Temperature dependence of the direct interband transitions of a Ge/SiGe multiple-quantum-well structure with Ge-rich barriers

Temperature-dependent piezoreflectance (PzR) measurements were used to study the direct-gap–related optical transitions in a strain-compensated Ge/SiGe multiple-quantum-well (MQW) structure with Ge-rich SiGe barriers in the temperature range between 20 and 375 K. The PzR spectra revealed a wide range of possible optical transitions in the MQW structure. Detailed line-shape fits to the PzR spectra and comparison to a theoretical calculation based on the envelope-function approximation led to the identification of various interband transitions. In addition, the parameters that describe the temperature dependence of the excitonic transition energies [E(T)] and broadening parameters [Γ(T)] were evaluated and compared to those of the polar systems. In agreement with polar materials, [E(T)] values of the MQW structure were found to be similar to the constituent bulk well material. On the other hand, no significant dimensionality dependence of [Γ(T)] was observed, in contrast to polar systems.

Figure 1

Schematic diagram of the Ge/Si${}_{0.15}$Ge${}_{0.85}$ MQW structure deposited on virtual substrate.

Figure 2

The experimental PzR spectra (dashed curves) at (a) 300 and (b) 20 K of the Ge/Si${}_{0.15}$Ge${}_{0.85}$ MQW structure. The solid curves are the least-squares fits to Eq. (1).
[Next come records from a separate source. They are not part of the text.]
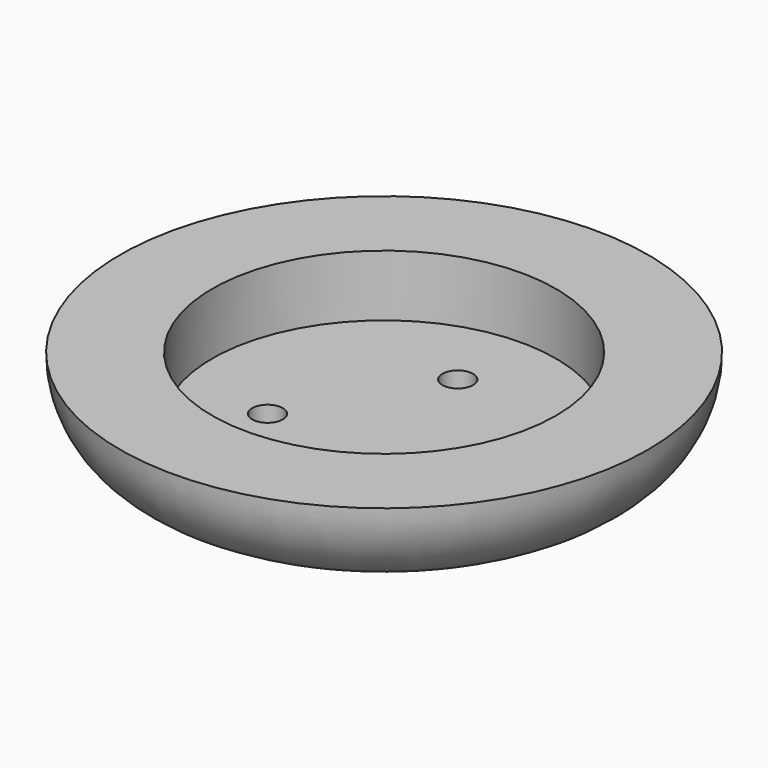
from build123d import *

# Parameters (mm, degrees)
F2_R           = 14.99999
F4_D           = 5
F4_CBORE_D     = 8
F4_CBORE_DEPTH = 2


# Not quite as in the source:
# - a fillet or chamfer is up to 0.001 mm smaller than in the source, because OpenCascade refuses the exact size


with BuildPart() as f1:
    # F0 (on Front) → F1 (revolve)
    with BuildSketch(Plane.XZ):
        Polygon((28, -25), (0, -25), (0, -30), (43, -30), (43, -15), (28, -15), align=None)
    revolve(axis=Axis((0, 0, -27.5), (0, 0, 1)))

    # F2 (radius 15 in the source; OpenCascade refuses exactly that, so slightly less here)
    f2_edges = [f1.edges().sort_by_distance(p)[0] for p in [
        (-43, 0, -30),
    ]]
    fillet(f2_edges, radius=F2_R)

    # F4 (through all)
    with Locations(Plane(origin=(0, 0, -30), x_dir=(1, 0, 0), z_dir=(0, 0, -1))):
        with Locations((-12.9903810568, 7.5), (12.9903810568, 7.5), (0, -15)):
            CounterBoreHole(F4_D / 2, F4_CBORE_D / 2, F4_CBORE_DEPTH)


solid = f1.part

The arrows indicate all the transition energies resulting from the fits. Error bars are indicated.

Figure 3

The lineup of various relevant bands at the Γ point in a strain-compensated structure of a Ge well between Si${}_{0.15}$Ge${}_{0.85}$ barriers on a Si${}_{0.10}$Ge${}_{0.90}$ strain-relaxed virtual substrate.

Figure 4

The dashed curves are the experimental PzR spectra at various temperatures in the region of interband transitions of a Ge/Si${}_{0.15}$Ge${}_{0.85}$ MQW structure. The solid curves are least-squares fits to Eq. (1), yielding the energies indicated by arrows. For clarity, the zero of energy is the energy of the 11 H transition at each temperature. Error bars are indicated.

Figure 5

Temperature dependence of various interband excitonic transition energies for a Ge/Si${}_{0.15}$Ge${}_{0.85}$ MQW structure. The dashed lines and solid lines are the least-squares fits to Eqs. (2) and (3), respectively. Representative error bars are indicated.

Figure 6

Temperature-dependent broadening parameters Γ(T) of 11H (closed circles) and 11L (closed squares) features for a Ge/Si${}_{0.15}$Ge${}_{0.85}$ MQW structure. The solid lines are the least-squares fits to Eq. (4) with the dominant longitudinal acoustic phonons energy E${}_{\mathrm{LA}}$ $=$ 28 meV. Error bars are indicated.